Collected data
- Opening Delimiter -

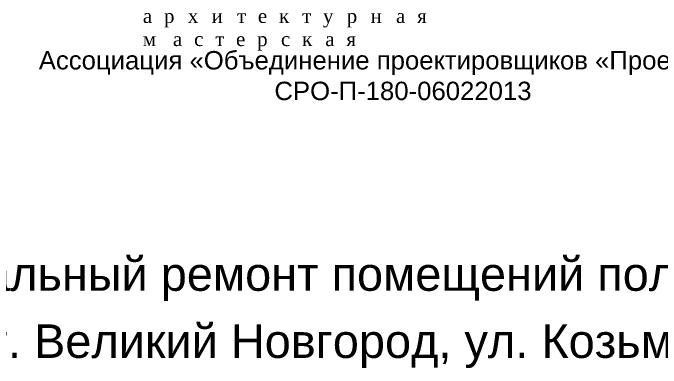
# Model space of a CAD drawing. Header units: metres. Extents: x 14591 to 15202, y 5442 to 5571.
# Drawn here: x 14606.66 to 14616.93, y 5495.72 to 5501.35 of the extents above; entities that cross this region are included whole.
import ezdxf

# ---------------------------------------------------------------- set-up
doc = ezdxf.new("R2010")
doc.units = ezdxf.units.M
doc.header["$MEASUREMENT"] = 0
doc.layers.add('контур здания на ситуации', color=1, linetype='Continuous', lineweight=30)
doc.styles.add('GOST 2.304', font='CS_Gost2304.shx')
doc.styles.get("Standard").update_dxf_attribs({"font": 'txt.shx', "height": 0.0025})
doc.styles.add('Style-Arial', font='arial.ttf')

# ---------------------------------------------------------------- blocks, each defined once
blk = doc.blocks.new('A$C2C6E360E_1_11')
at = {"color": 7, "linetype": 'Continuous', "lineweight": -2, "ltscale": 100, "insert": (-12.869, -5.981), "char_height": 0.22, "width": 7.98507, "attachment_point": 1}
blk.add_mtext('\\fTimes New Roman|b0|i0|c204204|p23;\\T2.270;архитектурная  мастерская', dxfattribs=at)

msp = doc.modelspace()

# ---------------------------------------------------------------- block references
at = {"layer": 'контур здания на ситуации', "linetype": 'Continuous', "lineweight": 13, "ltscale": 0.1}
msp.add_blockref('A$C2C6E360E_1_11', (14621.58713908, 5507.39240818), dxfattribs=at)

# ---------------------------------------------------------------- texts
at = {"color": 250, "lineweight": 13, "true_color": 0x191919, "insert": (14612.83975977, 5500.35470604), "char_height": 0.2916655, "width": 18.7815189931, "attachment_point": 5, "style": 'GOST 2.304'}
msp.add_mtext('\\fArial|b0|i0|c204204|p39;Ассоциация «Объединение проектировщиков «ПроектСити»\\PСРО-П-180-06022013', dxfattribs=at)
at = {"linetype": 'Continuous', "lineweight": 0, "insert": (14613.07207442, 5496.59793155), "char_height": 0.5319063005, "attachment_point": 5, "line_spacing_factor": 1.2, "style": 'Style-Arial'}
msp.add_mtext('Капитальный ремонт помещений поликлиники №3, \\Pпо адресу: г. Великий Новгород, ул. Козьмодемьянская, д. 12', dxfattribs=at)

doc.saveas('drawing.dxf')

- Closing Delimiter -

■ What is required:
Return every line in the records that includes the string "font".

■ Written reply:
doc.styles.add('GOST 2.304', font='CS_Gost2304.shx')
doc.styles.get("Standard").update_dxf_attribs({"font": 'txt.shx', "height": 0.0025})
doc.styles.add('Style-Arial', font='arial.ttf')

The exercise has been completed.